齐妃不守在他身边,理由又是皇后口谕不许打扰,那么便没人去嫉恨她,他在病中,便可省了去操心……
至于自己,被人恨上又有什么打紧。他不会放在心上。
候素素沐浴的时候一向不喜欢让人服侍,就算最亲近的山楂也没有特许。
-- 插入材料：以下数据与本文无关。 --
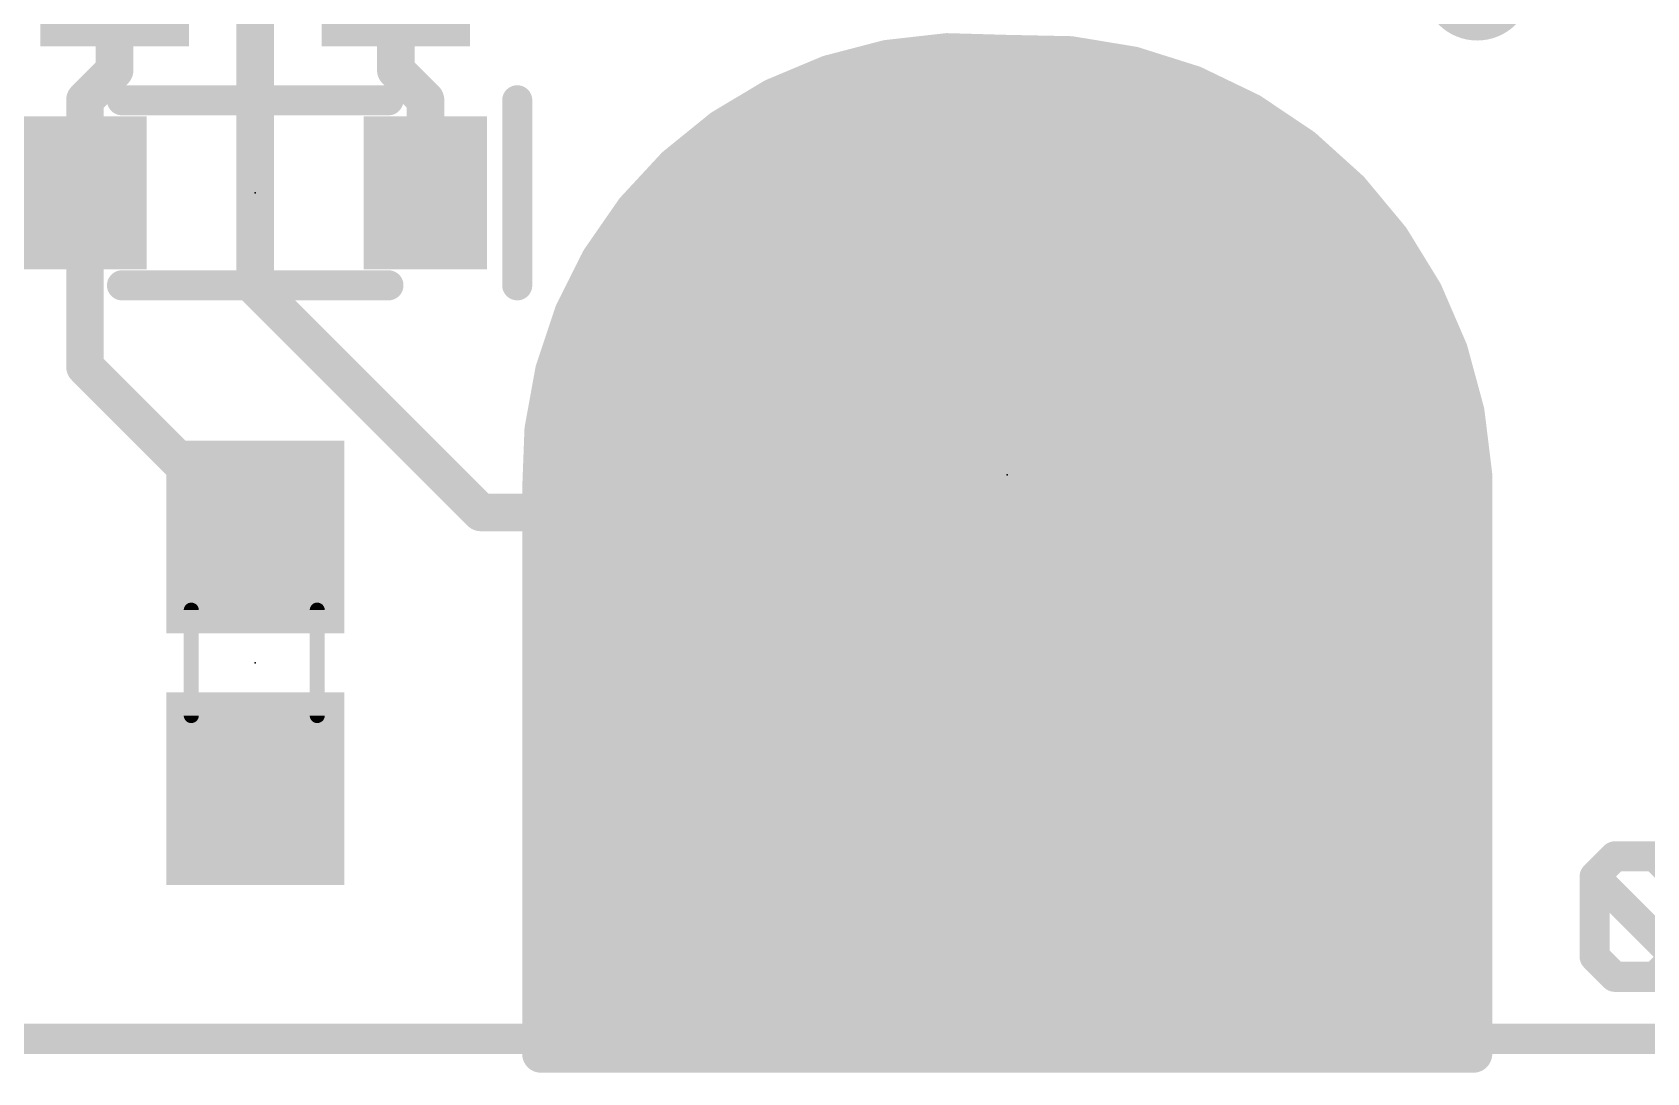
# Model space of a CAD drawing. Extents: x -41 to 98, y -71 to 29.
# Drawn here: x 7.38 to 18.29, y -0.23 to 6.8 of the extents above; entities that cross this region are included whole.
import ezdxf

# ---------------------------------------------------------------- set-up
doc = ezdxf.new("R2010")
doc.units = 0
for name, color, linetype in [('1', 12, 'CONTINUOUS'), ('16', 132, 'CONTINUOUS'), ('17', 110, 'CONTINUOUS'), ('18', 110, 'CONTINUOUS'), ('20', 31, 'CONTINUOUS'), ('21', 41, 'CONTINUOUS'), ('23', 53, 'CONTINUOUS'), ('29', 253, 'CONTINUOUS'), ('51', 53, 'CONTINUOUS')]:
    doc.layers.add(name, color=color, linetype=linetype)

# ---------------------------------------------------------------- blocks, each defined once
blk = doc.blocks.new('RECT')
blk.add_solid([(-0.5, -0.5), (0.5, -0.5), (-0.5, 0.5), (0.5, 0.5)])
blk = doc.blocks.new('ROUNDP')
at = {"const_width": 0.5}
blk.add_lwpolyline([(0, -0.25, 1), (0, 0.25, 1), (0, -0.25)], format="xyb", dxfattribs=at)
blk = doc.blocks.new('ROUNDV')
at = {"const_width": 0.5}
blk.add_lwpolyline([(0, -0.25, 1), (0, 0.25, 1), (0, -0.25)], format="xyb", dxfattribs=at)

msp = doc.modelspace()

# ---------------------------------------------------------------- linework, layer by layer
at = {"layer": '1'}
for points, const_width in [([(8.89, 9.355), (8.89, 5.08)], 0.254), ([(7.94, 6.543), (7.94, 7.255)], 0.254), ([(9.84, 6.543), (9.84, 7.255)], 0.254), ([(7.74, 6.343), (7.94, 6.543)], 0.254), ([(10.04, 6.343), (9.84, 6.543)], 0.254), ([(13.5362, 6.573), (13.1113, 6.4805)], 0.254), ([(13.97, 6.604), (13.5362, 6.573)], 0.254), ([(14.4038, 6.573), (13.97, 6.604)], 0.254), ([(14.8287, 6.4805), (14.4038, 6.573)], 0.254), ([(13.1113, 6.4805), (12.7038, 6.3286)], 0.254), ([(15.2362, 6.3286), (14.8287, 6.4805)], 0.254), ([(7.74, 5.715), (7.74, 6.343)], 0.254), ([(10.04, 5.715), (10.04, 6.343)], 0.254), ([(12.7038, 6.3286), (12.3221, 6.1201)], 0.254), ([(12.7613, 6.35), (15.1787, 6.35)], 0.254), ([(15.6179, 6.1201), (15.2362, 6.3286)], 0.254), ([(12.3221, 6.1201), (11.974, 5.8595)], 0.254), ([(12.2899, 6.096), (15.6501, 6.096)], 0.254), ([(15.966, 5.8595), (15.6179, 6.1201)], 0.254), ([(11.974, 5.8595), (11.6665, 5.552)], 0.254), ([(11.9565, 5.842), (15.9835, 5.842)], 0.254), ([(16.2735, 5.552), (15.966, 5.8595)], 0.254), ([(7.74, 4.54), (7.74, 5.715)], 0.254), ([(11.6665, 5.552), (11.4059, 5.2039)], 0.254), ([(11.7025, 5.588), (16.2375, 5.588)], 0.254), ([(16.5341, 5.2039), (16.2735, 5.552)], 0.254), ([(11.5033, 5.334), (16.4367, 5.334)], 0.254), ([(11.4059, 5.2039), (11.1974, 4.8222)], 0.254), ([(16.7426, 4.8222), (16.5341, 5.2039)], 0.254), ([(8.89, 5.08), (10.414, 3.556)], 0.254), ([(11.3382, 5.08), (16.6018, 5.08)], 0.254), ([(11.1974, 4.8222), (11.0455, 4.4147)], 0.254), ([(11.1995, 4.826), (16.7405, 4.826)], 0.254), ([(16.8945, 4.4147), (16.7426, 4.8222)], 0.254), ([(11.1041, 4.572), (16.8359, 4.572)], 0.254), ([(8.89, 3.39), (7.74, 4.54)], 0.254), ([(11.0455, 4.4147), (10.953, 3.9898)], 0.254), ([(16.987, 3.9898), (16.8945, 4.4147)], 0.254), ([(11.0244, 4.318), (16.9156, 4.318)], 0.254), ([(10.9692, 4.064), (16.9708, 4.064)], 0.254), ([(10.953, 3.9898), (10.922, 3.556)], 0.254), ([(17.018, 3.556), (16.987, 3.9898)], 0.254), ([(10.9402, 3.81), (16.9998, 3.81)], 0.254), ([(10.414, 3.556), (13.97, 3.556)], 0.254), ([(10.922, 3.556), (10.922, 0)], 0.254), ([(10.922, 3.556), (17.018, 3.556)], 0.254), ([(17.018, 0), (17.018, 3.556)], 0.254), ([(10.922, 3.302), (17.018, 3.302)], 0.254), ([(10.922, 3.048), (17.018, 3.048)], 0.254), ([(10.922, 2.794), (17.018, 2.794)], 0.254), ([(10.922, 2.54), (17.018, 2.54)], 0.254), ([(10.922, 2.286), (17.018, 2.286)], 0.254), ([(10.922, 2.032), (17.018, 2.032)], 0.254), ([(10.922, 1.778), (17.018, 1.778)], 0.254), ([(10.922, 1.524), (17.018, 1.524)], 0.254), ([(10.922, 1.27), (17.018, 1.27)], 0.254), ([(10.922, 1.016), (17.018, 1.016)], 0.254), ([(10.922, 0.762), (17.018, 0.762)], 0.254), ([(10.922, 0.508), (17.018, 0.508)], 0.254), ([(10.922, 0.254), (17.018, 0.254)], 0.254), ([(10.922, 0), (17.018, 0)], 0.254), ([(10.922, 0), (17.018, 0)], 0.254), ([(38.1, 0), (0, 0)], 0.2032)]:
    msp.add_lwpolyline(points, dxfattribs=dict(at, const_width=const_width))
at = {"layer": '1', "const_width": 0.127}
for points in [[(7.9849, 6.4981, 1), (7.8951, 6.5879)], [(9.8849, 6.5879, 1), (9.7951, 6.4981)], [(13.5317, 6.6363, 1), (13.5408, 6.5096)], [(13.5497, 6.5109, 1), (13.5227, 6.635)], [(13.9745, 6.6673, 1), (13.9655, 6.5407)], [(13.9745, 6.5407, 1), (13.9655, 6.6673)], [(14.4173, 6.635, 1), (14.3903, 6.5109)], [(14.3992, 6.5096, 1), (14.4083, 6.6363)], [(7.8765, 6.543, 1), (8.0035, 6.543)], [(9.7765, 6.543, 1), (9.9035, 6.543)], [(13.0978, 6.5426, 1), (13.1248, 6.4185)], [(13.1335, 6.421, 1), (13.0891, 6.54)], [(14.8509, 6.54, 1), (14.8065, 6.421)], [(14.8152, 6.4185, 1), (14.8422, 6.5426)], [(7.8035, 6.343, 1), (7.6765, 6.343)], [(7.6951, 6.3879, 1), (7.7849, 6.2981)], [(10.1035, 6.343, 1), (9.9765, 6.343)], [(9.9951, 6.2981, 1), (10.0849, 6.3879)], [(12.6816, 6.3881, 1), (12.726, 6.2691)], [(12.7342, 6.2728, 1), (12.6734, 6.3843)], [(12.7613, 6.4135, 1), (12.7613, 6.2865)], [(15.2666, 6.3843, 1), (15.2058, 6.2728)], [(15.1787, 6.2865, 1), (15.1787, 6.4135)], [(15.214, 6.2691, 1), (15.2584, 6.3881)], [(12.2899, 6.1595, 1), (12.2899, 6.0325)], [(12.2917, 6.1759, 1), (12.3526, 6.0644)], [(12.3602, 6.0693, 1), (12.2841, 6.171)], [(15.6559, 6.171, 1), (15.5798, 6.0693)], [(15.5874, 6.0644, 1), (15.6483, 6.1759)], [(15.6501, 6.0325, 1), (15.6501, 6.1595)], [(11.9565, 5.9055, 1), (11.9565, 5.7785)], [(11.9359, 5.9104, 1), (12.012, 5.8087)], [(12.0189, 5.8146, 1), (11.9291, 5.9044)], [(16.0109, 5.9044, 1), (15.9211, 5.8146)], [(15.928, 5.8087, 1), (16.0041, 5.9104)], [(15.9835, 5.7785, 1), (15.9835, 5.9055)], [(7.8035, 5.715, 1), (7.6765, 5.715)], [(7.6765, 5.715, 1), (7.8035, 5.715)], [(9.9765, 5.715, 1), (10.1035, 5.715)], [(11.7173, 5.514, 1), (11.6156, 5.5901)], [(11.7025, 5.6515, 1), (11.7025, 5.5245)], [(16.3244, 5.5901, 1), (16.2227, 5.514)], [(16.2375, 5.5245, 1), (16.2375, 5.6515)], [(11.6216, 5.5969, 1), (11.7114, 5.5071)], [(16.2286, 5.5071, 1), (16.3184, 5.5969)], [(11.5033, 5.3975, 1), (11.5033, 5.2705)], [(16.4367, 5.2705, 1), (16.4367, 5.3975)], [(11.355, 5.2419, 1), (11.4567, 5.1658)], [(11.4616, 5.1734, 1), (11.3501, 5.2343)], [(16.5899, 5.2343, 1), (16.4784, 5.1734)], [(16.4833, 5.1658, 1), (16.585, 5.2419)], [(8.9349, 5.1249, 1), (8.8451, 5.0351)], [(8.8265, 5.08, 1), (8.9535, 5.08)], [(11.3382, 5.1435, 1), (11.3382, 5.0165)], [(16.6018, 5.0165, 1), (16.6018, 5.1435)], [(11.1417, 4.8526, 1), (11.2532, 4.7918)], [(11.1995, 4.8895, 1), (11.1995, 4.7625)], [(11.2569, 4.8, 1), (11.1379, 4.8444)], [(16.8021, 4.8444, 1), (16.6831, 4.8)], [(16.6868, 4.7918, 1), (16.7983, 4.8526)], [(16.7405, 4.7625, 1), (16.7405, 4.8895)], [(11.1041, 4.6355, 1), (11.1041, 4.5085)], [(16.8359, 4.5085, 1), (16.8359, 4.6355)], [(7.7849, 4.5849, 1), (7.6951, 4.4951)], [(7.6765, 4.54, 1), (7.8035, 4.54)], [(10.986, 4.4369, 1), (11.105, 4.3925)], [(11.1075, 4.4012, 1), (10.9834, 4.4282)], [(16.9566, 4.4282, 1), (16.8325, 4.4012)], [(16.835, 4.3925, 1), (16.954, 4.4369)], [(11.0244, 4.3815, 1), (11.0244, 4.2545)], [(16.9156, 4.2545, 1), (16.9156, 4.3815)], [(10.9692, 4.1275, 1), (10.9692, 4.0005)], [(16.9708, 4.0005, 1), (16.9708, 4.1275)], [(10.891, 4.0033, 1), (11.0151, 3.9763)], [(11.0164, 3.9852, 1), (10.8897, 3.9943)], [(17.0503, 3.9943, 1), (16.9236, 3.9852)], [(16.9249, 3.9763, 1), (17.049, 4.0033)], [(10.9402, 3.8735, 1), (10.9402, 3.7465)], [(16.9998, 3.7465, 1), (16.9998, 3.8735)], [(10.414, 3.6195, 1), (10.414, 3.4925)], [(10.3691, 3.5111, 1), (10.4589, 3.6009)], [(10.9855, 3.556, 1), (10.8585, 3.556)], [(10.922, 3.6195, 1), (10.922, 3.4925)], [(10.8587, 3.5605, 1), (10.9853, 3.5515)], [(13.97, 3.4925, 1), (13.97, 3.6195)], [(17.0815, 3.556, 1), (16.9545, 3.556)], [(16.9547, 3.5515, 1), (17.0813, 3.5605)], [(17.018, 3.4925, 1), (17.018, 3.6195)], [(8.8451, 3.3451, 1), (8.9349, 3.4349)], [(10.922, 3.3655, 1), (10.922, 3.2385)], [(17.018, 3.2385, 1), (17.018, 3.3655)], [(10.922, 3.1115, 1), (10.922, 2.9845)], [(17.018, 2.9845, 1), (17.018, 3.1115)], [(10.922, 2.8575, 1), (10.922, 2.7305)], [(17.018, 2.7305, 1), (17.018, 2.8575)], [(10.922, 2.6035, 1), (10.922, 2.4765)], [(17.018, 2.4765, 1), (17.018, 2.6035)], [(10.922, 2.3495, 1), (10.922, 2.2225)], [(17.018, 2.2225, 1), (17.018, 2.3495)], [(10.922, 2.0955, 1), (10.922, 1.9685)], [(17.018, 1.9685, 1), (17.018, 2.0955)], [(10.922, 1.8415, 1), (10.922, 1.7145)], [(17.018, 1.7145, 1), (17.018, 1.8415)], [(10.922, 1.5875, 1), (10.922, 1.4605)], [(17.018, 1.4605, 1), (17.018, 1.5875)], [(10.922, 1.3335, 1), (10.922, 1.2065)], [(17.018, 1.2065, 1), (17.018, 1.3335)], [(10.922, 1.0795, 1), (10.922, 0.9525)], [(17.018, 0.9525, 1), (17.018, 1.0795)], [(10.922, 0.8255, 1), (10.922, 0.6985)], [(17.018, 0.6985, 1), (17.018, 0.8255)], [(10.922, 0.5715, 1), (10.922, 0.4445)], [(17.018, 0.4445, 1), (17.018, 0.5715)], [(10.922, 0.3175, 1), (10.922, 0.1905)], [(17.018, 0.1905, 1), (17.018, 0.3175)], [(10.922, 0.0635, 1), (10.922, -0.0635)], [(10.922, 0.0635, 1), (10.922, -0.0635)], [(17.018, -0.0635, 1), (17.018, 0.0635)], [(17.018, -0.0635, 1), (17.018, 0.0635)], [(10.8585, 0, 1), (10.9855, 0)], [(16.9545, 0, 1), (17.0815, 0)]]:
    msp.add_lwpolyline(points, format="xyb", dxfattribs=at)
at = {"layer": '16'}
for points, const_width in [([(13.5362, 6.573), (13.1113, 6.4805)], 0.254), ([(13.97, 6.604), (13.5362, 6.573)], 0.254), ([(14.4038, 6.573), (13.97, 6.604)], 0.254), ([(14.8287, 6.4805), (14.4038, 6.573)], 0.254), ([(13.1113, 6.4805), (12.7038, 6.3286)], 0.254), ([(15.2362, 6.3286), (14.8287, 6.4805)], 0.254), ([(12.7038, 6.3286), (12.3221, 6.1201)], 0.254), ([(12.7613, 6.35), (15.1787, 6.35)], 0.254), ([(15.6179, 6.1201), (15.2362, 6.3286)], 0.254), ([(12.3221, 6.1201), (11.974, 5.8595)], 0.254), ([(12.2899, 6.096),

这是在她入宫以来性子大变后才有的习惯。
不过日子久了,下人们也就知道该怎么做了。
揽月宫的温泉很热,初秋的天气,泡起来还是有些不适,候素素忍着微微有些烫人的气温,把一块巾子顶在头上,惬意的呼出一口气。
一闭上眼,缠绵的情景就马上回放在脑海中,任凭她怎么想别的都无法撼动,罢了,你中了他的蛊,一时半会怕是解不了,认命吧。
和云天澈少有的几次亲近,这一次算是最温柔的,只是她躺在那里,感受着他的温柔轻吻和滚烫的身体,分明是那么旖旎缱绻的气氛,她却只觉得冷。他的刻意她不是感觉不到,不过一天半日而已,前后的态度就转的这么快,由不得她不多想。
她应该拒绝的,只是在想到这之前,就已经沉沦了。根本就经不起一星半点儿的挑逗。她对他,完全就没有抵抗力,他给的温柔,即使知道是毒,还是忍不住想去喝。
把玩着已经到手的令牌,候素素浮上一丝若有若无的笑意。
终究还是想到要离开你,另寻后路。
没办法,只要想到你将来有一天终会露出真面目,就心痛欲裂,宁可看不到假装现在的一切都是真的。
不管是缩头乌龟也好,鸵鸟也罢。总算是得了一件有用的东西。
也不枉她卖了自己一回。
只是,要用它来干嘛呢?真的只是用来看枫叶,岂不是太过浪费了。
云天澈的身子好的很快,本来就是养尊处优的人,身子底子好的要命,寻常的小风寒还有这么多人如履薄冰的照顾着,真要是一病不起也未免太对不起人。
只是这人,分明是满面红光,肉都长了几斤,还是赖着卧床不起,这就有些无赖了。候素素耐着性子捧着朱砂,斜着眼看他倚在那批奏折,间或张张嘴,示意她剥好葡萄塞进去。
你又不是没手没脚。她心里叹一声,委婉的提醒:“皇上已有数日未早朝了,朝中人心惶惶,怕是有些不妥。”
他并不以为意,眼皮都不抬一下,道:“朕什么事情都没耽误,有什么好慌的,就算没早朝,奏折也都批示下去,难道还要朕手把手教他们去做事?”
她噎了一下,想了半天,道:“后宫……”
只来及吐出两个字,他便抬头,速度极快的看了她一眼旋即继续批奏折,手下连停顿都没有,语气更加闲适惬意:“后宫的事有皇后主持,朕放心的很。”
候素素头疼的看着他,心道你的大小老婆最近都要烦死我了,你要是再不出关,她们真能在揽月宫门外一哭二闹三上吊……
但是这话显然没办法直接说。可是委婉的话面前这人又完全听不进去,最近几天,她已经完全看不透他到底在想什么了。